PRANA acclimation tips - body use and breath

New! Prana Mouthpiece Acclimation Tips: Body Use and Breath

The response to PRANA mouthpieces has been overwhelmingly positive! Most PRANA owners report they immediately find an improvement over their previous mouthpiece, and the more they play their PRANA mouthpiece the better it gets. Acclimation does vary from player to player, depending on their muscle memory, their concept of playing and probably most importantly how they use their bodies when they play.

This link is designed to help everyone who owns a PRANA mouthpiece reduce their "transition time" as they acclimate to the advantages these new mouthpieces provide. By using the following material on body use and breath, the acclimation time for these new mouthpieces can be reduced from days or weeks to hours or even minutes!

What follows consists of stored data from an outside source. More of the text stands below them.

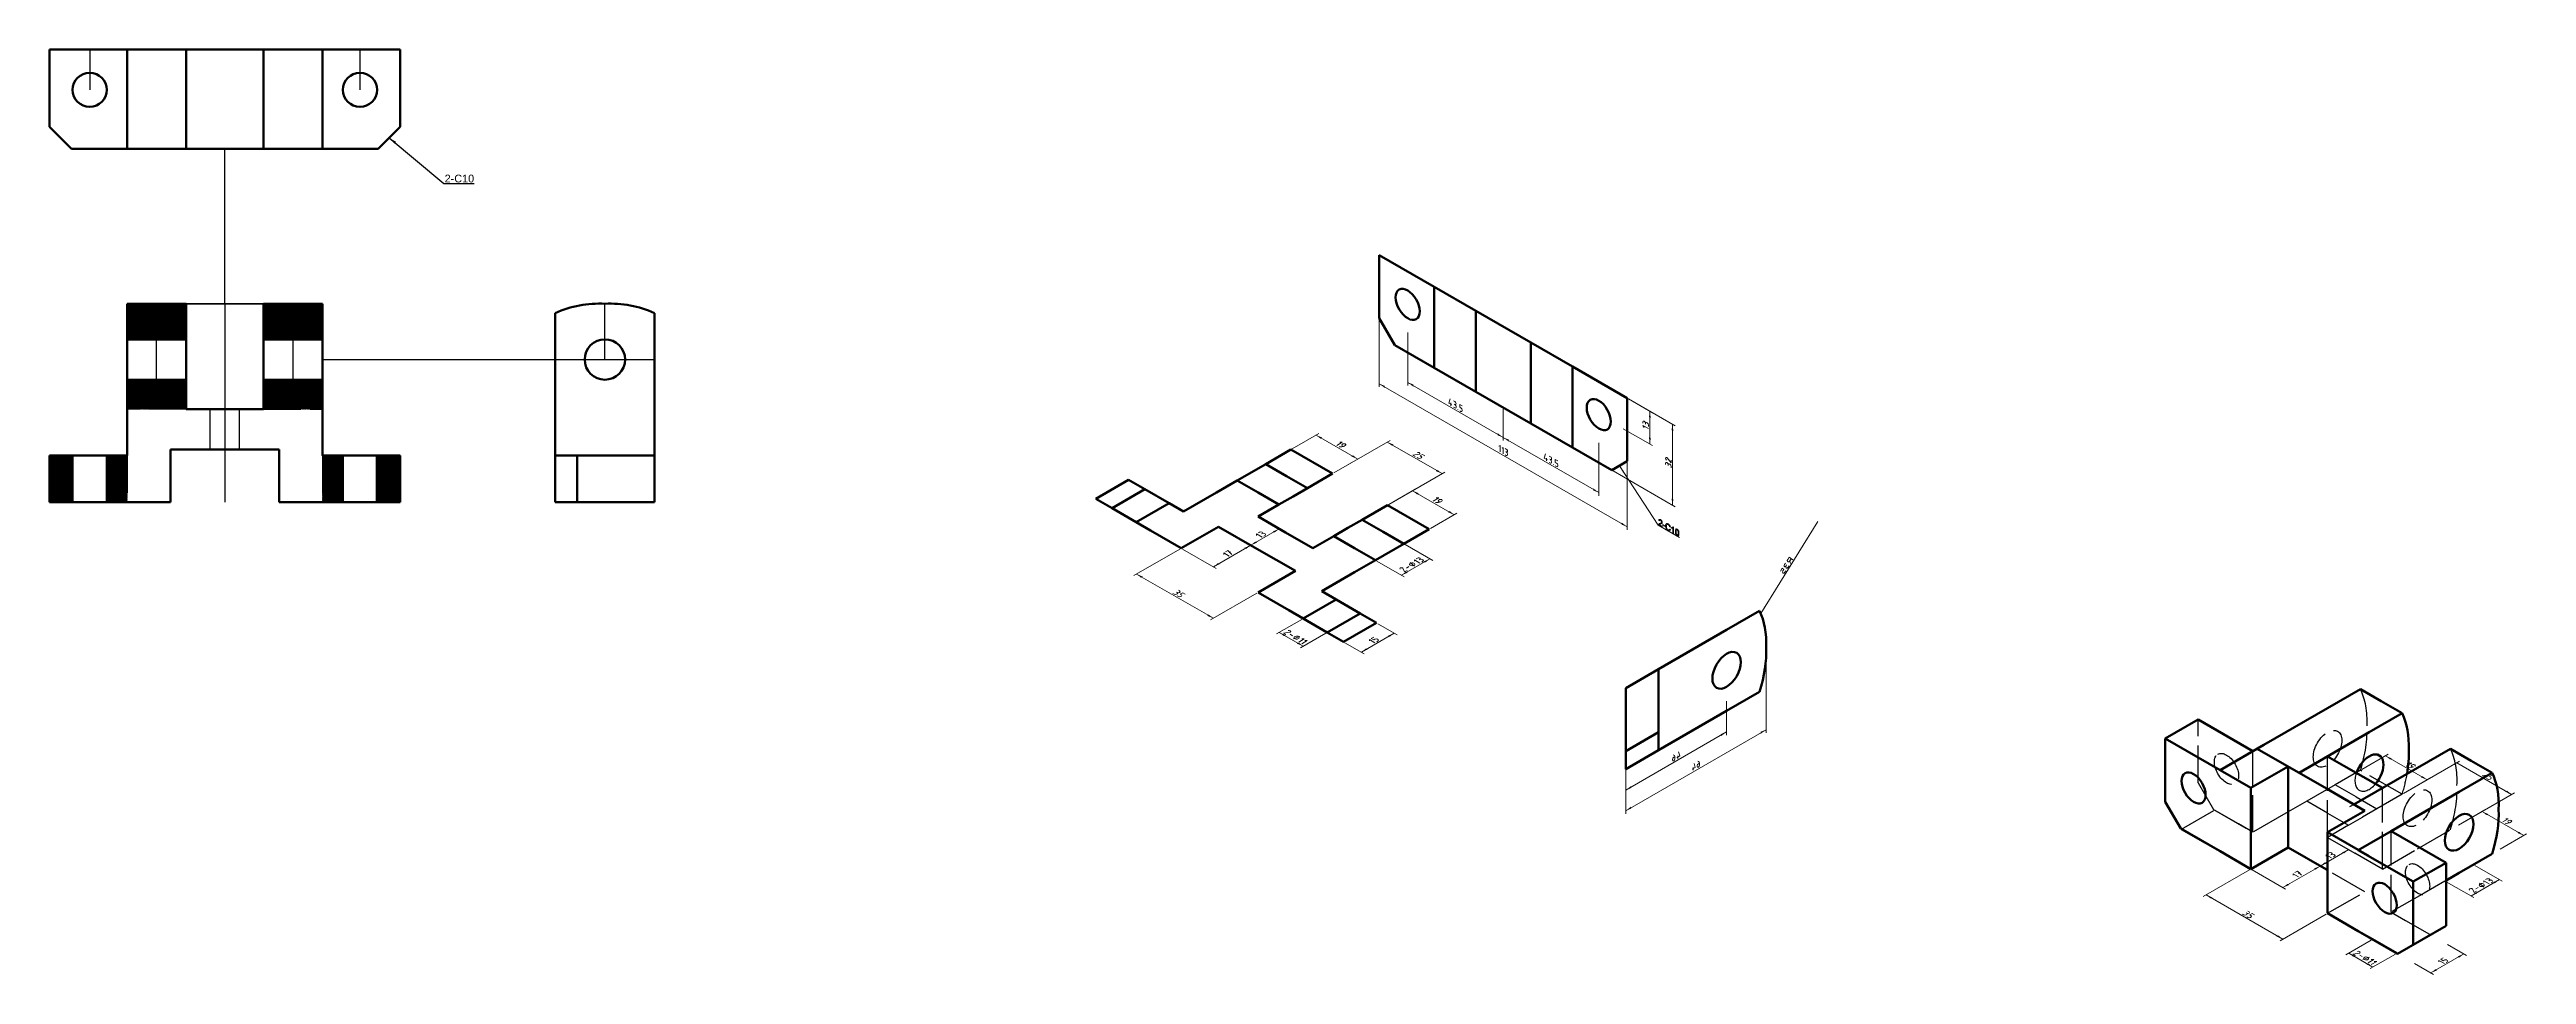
# Model space of a CAD drawing. Header units: millimetres. Extents: x 820 to 1619, y -70 to 229.
import ezdxf

# ---------------------------------------------------------------- set-up
doc = ezdxf.new("R2010")
doc.units = ezdxf.units.MM
doc.linetypes.add('ACAD_ISO02W100', pattern=[15, 12, -3])
for name, color, linetype, lineweight, true_color in [('Alzado', 7, 'Continuous', 50, 0xffffff), ('Contornos Ocultos', 252, 'ACAD_ISO02W100', 30, 0xa0a0a4), ('Contornos Visibles', 7, 'Continuous', 50, 0xffffff), ('Cotas', 1, 'Continuous', 20, 0xff0000), ('Perfil', 7, 'Continuous', 50, 0xffffff), ('Planta', 7, 'Continuous', 50, 0xffffff), ('Referencias', 2, 'Continuous', 25, 0xffff00)]:
    doc.layers.add(name, color=color, linetype=linetype, lineweight=lineweight, true_color=true_color)
doc.styles.get("Standard").update_dxf_attribs({"font": ''})
doc.styles.add('textstyle0', font='')
doc.styles.get('Standard').set_extended_font_data('txt')
doc.styles.get('textstyle0').set_extended_font_data('Arial')
doc.dimstyles.get("Standard").update_dxf_attribs({"dimtxt": 2.5, "dimasz": 2.5, "dimexe": 1.25, "dimexo": 0.625, "dimtad": 1, "dimtxsty": 'Standard', "dimcen": 2.5, "dimadec": 0, "dimazin": 0, "dimtfac": 1, "dimtmove": 0, "dimatfit": 3, "dimfxl": 1, "dimarcsym": 0})
pattern_1 = [(45, (0, 0), (-0.088388348, 0.088388348), [])]

msp = doc.modelspace()

# ---------------------------------------------------------------- hatches: boundary and pattern name
at = {"layer": 'Contornos Ocultos'}
h = msp.add_hatch(dxfattribs=at)
h.set_pattern_fill('ANSI31', color=256, style=0)
h.set_pattern_definition(pattern_1)
h.paths.add_polyline_path([(854.82, 135.15), (845.32, 135.15), (845.32, 146.65), (864.32, 146.65), (864.32, 135.15)])
h = msp.add_hatch(dxfattribs=at)
h.set_pattern_fill('ANSI31', color=256, style=0)
h.set_pattern_definition(pattern_1)
h.paths.add_polyline_path([(889.32, 146.65), (908.32, 146.65), (908.32, 135.15), (898.82, 135.15), (889.32, 135.15)])
h = msp.add_hatch(dxfattribs=at)
h.set_pattern_fill('ANSI31', color=256, style=0)
h.set_pattern_definition(pattern_1)
h.paths.add_polyline_path([(854.82, 122.15), (845.32, 122.15), (845.32, 112.65), (864.32, 112.65), (864.32, 122.15)])
h = msp.add_hatch(dxfattribs=at)
h.set_pattern_fill('ANSI31', color=256, style=0)
h.set_pattern_definition(pattern_1)
h.paths.add_polyline_path([(898.82, 122.15), (889.32, 122.15), (889.32, 112.65), (908.32, 112.65), (908.32, 122.15)])
h = msp.add_hatch(dxfattribs=at)
h.set_pattern_fill('ANSI31', color=256, style=0)
h.set_pattern_definition(pattern_1)
h.paths.add_polyline_path([(820.32, 82.65), (820.32, 97.65), (827.77, 97.65), (827.77, 82.65)])
h = msp.add_hatch(dxfattribs=at)
h.set_pattern_fill('ANSI31', color=256, style=0)
h.set_pattern_definition(pattern_1)
h.paths.add_polyline_path([(845.32, 97.65), (845.32, 82.65), (838.74, 82.65), (838.74, 97.65)])
h = msp.add_hatch(dxfattribs=at)
h.set_pattern_fill('ANSI31', color=256, style=0)
h.set_pattern_definition(pattern_1)
h.paths.add_polyline_path([(908.32, 97.65), (908.32, 82.65), (914.89, 82.65), (914.89, 97.65)])
h = msp.add_hatch(dxfattribs=at)
h.set_pattern_fill('ANSI31', color=256, style=0)
h.set_pattern_definition(pattern_1)
h.paths.add_polyline_path([(933.32, 82.65), (925.86, 82.65), (925.86, 97.65), (933.32, 97.65)])

# ---------------------------------------------------------------- linework, layer by layer
at = {"layer": 'Alzado'}
for p, q in [((1360.85, 41.47), (1338.93, 28.81)), ((1371.46, 47.59), (1360.85, 41.47)), ((1338.93, 28.81), (1328.32, 22.69)), ((1338.93, 2.69), (1338.93, 28.81)), ((1328.32, 22.69), (1328.32, -3.44)), ((1360.85, 15.34), (1371.46, 21.46)), ((1328.32, 2.34), (1338.93, 8.46)), ((1338.93, 2.69), (1360.85, 15.34)), ((1328.32, -3.44), (1338.93, 2.69))]:
    msp.add_line(p, q, dxfattribs=at)
for centre, start_param, end_param in [((1348.86, 22.89), 2.306839, 2.776246), ((1348.86, 20.07), 1.936143, 2.40555)]:
    msp.add_ellipse(centre, major_axis=(-17.5, -30.31), ratio=0.57735, start_param=start_param, end_param=end_param, dxfattribs=at)
msp.add_ellipse((1360.85, 28.41), major_axis=(-3.25, -5.63), ratio=0.57735, dxfattribs=at)
at = {"layer": 'Contornos Ocultos'}
for p, q in [((864.32, 112.65), (845.32, 112.65)), ((889.32, 112.65), (908.32, 112.65)), ((845.32, 97.65), (845.32, 82.65)), ((908.32, 97.65), (908.32, 82.65)), ((1512.82, -7.85), (1512.82, 12.51)), ((1530.5, -9.13), (1530.5, 2.3)), ((1554.54, -9.95), (1554.54, 0.67)), ((1512.82, -7.85), (1517.82, -16.51)), ((1565.14, -3.82), (1557.01, -8.52)), ((1578.58, -11.58), (1565.14, -3.82)), ((1530.5, -23.83), (1530.5, -9.13)), ((1547.82, -13.83), (1541.1, -17.7)), ((1557.01, -8.52), (1547.82, -13.83)), ((1554.54, -17.7), (1547.82, -13.83)), ((1554.54, -25.46), (1554.54, -9.95)), ((1563.73, -12.4), (1557.01, -8.52)), ((1563.02, -14.85), (1561.61, -15.66)), ((1563.73, -12.4), (1570.45, -16.28)), ((1578.58, -11.58), (1570.45, -16.28)), ((1572.21, -35.67), (1572.21, -9.54)), ((1507.48, -22.79), (1518.09, -16.66)), ((1517.82, -16.51), (1530.5, -23.83)), ((1525.85, -21.14), (1518.09, -16.66)), ((1530.5, -23.83), (1525.85, -21.14)), ((1541.1, -17.7), (1530.5, -23.83)), ((1554.54, -17.7), (1561.25, -21.58)), ((1561.25, -21.58), (1554.54, -25.46)), ((1561.25, -21.58), (1565.85, -18.93)), ((1570.45, -16.28), (1565.85, -18.93)), ((1575.04, -49.55), (1575.04, -23.42)), ((1583.53, -29.13), (1594.13, -23.01)), ((1554.54, -25.46), (1563.37, -30.56)), ((1572.21, -35.67), (1563.37, -30.56)), ((1572.21, -35.67), (1563.37, -30.56)), ((1572.21, -35.67), (1583.53, -29.13)), ((1566.56, -43.01), (1554.18, -35.87)), ((1592.37, -39.54), (1585.65, -43.42)), ((1592.37, -39.54), (1592.72, -39.34)), ((1554.54, -49.95), (1566.56, -43.01)), ((1585.65, -43.42), (1575.04, -49.55)), ((1575.04, -49.55), (1579.69, -52.23)), ((1579.69, -52.23), (1587.45, -56.71))]:
    msp.add_line(p, q, dxfattribs=at)
for centre, major_axis, start_param, end_param in [((1542.55, -2.4), (-17.5, -30.31), 2.306839, 2.776246), ((1542.55, -5.22), (-17.5, -30.31), 1.936143, 2.40555), ((1571.54, -21.58), (-17.5, -30.31), 2.306839, 2.776246), ((1567.97, -4.64), (-3.25, -5.63), 5.044836, 1.238349), ((1555.98, -12.97), (-17.5, -30.31), 1.936143, 2.146862), ((1571.54, -24.4), (-17.5, -30.31), 1.936143, 2.40555)]:
    msp.add_ellipse(centre, major_axis=major_axis, ratio=0.57735, start_param=start_param, end_param=end_param, dxfattribs=at)
for centre, major_axis in [((1554.54, 3.12), (-3.25, -5.63)), ((1521.97, -3.39), (-2.75, 4.76)), ((1583.53, -16.07), (-3.25, -5.63)), ((1583.57, -38.96), (-2.75, 4.76))]:
    msp.add_ellipse(centre, major_axis=major_axis, ratio=0.57735, dxfattribs=at)
at = {"layer": 'Contornos Visibles'}
for p, q in [((820.32, 228.65), (933.32, 228.65)), ((820.32, 203.72), (820.32, 228.65)), ((845.32, 196.65), (845.32, 228.65)), ((864.32, 196.65), (864.32, 228.65)), ((889.32, 196.65), (889.32, 228.65)), ((908.32, 196.65), (908.32, 228.65)), ((933.32, 203.72), (933.32, 228.65)), ((820.32, 203.72), (827.39, 196.65)), ((926.25, 196.65), (933.32, 203.72)), ((827.39, 196.65), (926.25, 196.65)), ((864.32, 146.65), (845.32, 146.65)), ((845.32, 146.65), (845.32, 135.15)), ((864.32, 146.65), (864.32, 135.15)), ((889.32, 146.65), (908.32, 146.65)), ((889.32, 146.65), (889.32, 135.15)), ((908.32, 146.65), (908.32, 135.15)), ((983.32, 128.65), (983.32, 143.65)), ((1015.32, 143.65), (1015.32, 128.65)), ((845.32, 135.15), (845.32, 122.15)), ((854.82, 135.15), (845.32, 135.15)), ((854.82, 135.15), (864.32, 135.15)), ((864.32, 135.15), (864.32, 128.65)), ((864.32, 122.15), (864.32, 128.65)), ((889.32, 135.15), (889.32, 128.65)), ((898.82, 135.15), (889.32, 135.15)), ((889.32, 122.15), (889.32, 128.65)), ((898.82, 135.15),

"PRANA Mouthpiece Acclimation" from page 17 of our 2004 printed newsletter:

PRANA MOUTHPIECE ACCLIMATION

The physical approach that allows Prana mouthpieces to be an immediate advantage is the same physical approach that players such as Wynton Marsalis and Maynard Ferguson have had for their entire careers. The "secret" is simply to align your entire body so that you can take a full, complete, relaxed breath every time you play. To that end, for many players, the "secret" to instant acclimation to Monette equipment and to PRANA mouthpieces in particular is actually in the feet and hips. Please read on!

DEMONSTRATION - Body Use and Breath

Evaluating How You Currently Play - Standing

Step 1: Stand the way that your normally stand when playing, and play up to a high C.

Step 2: Hold that body use while playing the high C, and stop playing. Make sure you do not "recoil" your head away from the mouthpiece and back over your spine at the moment you stop playing… just keep everything in your body and your horn position the same as when you are playing, but stop playing.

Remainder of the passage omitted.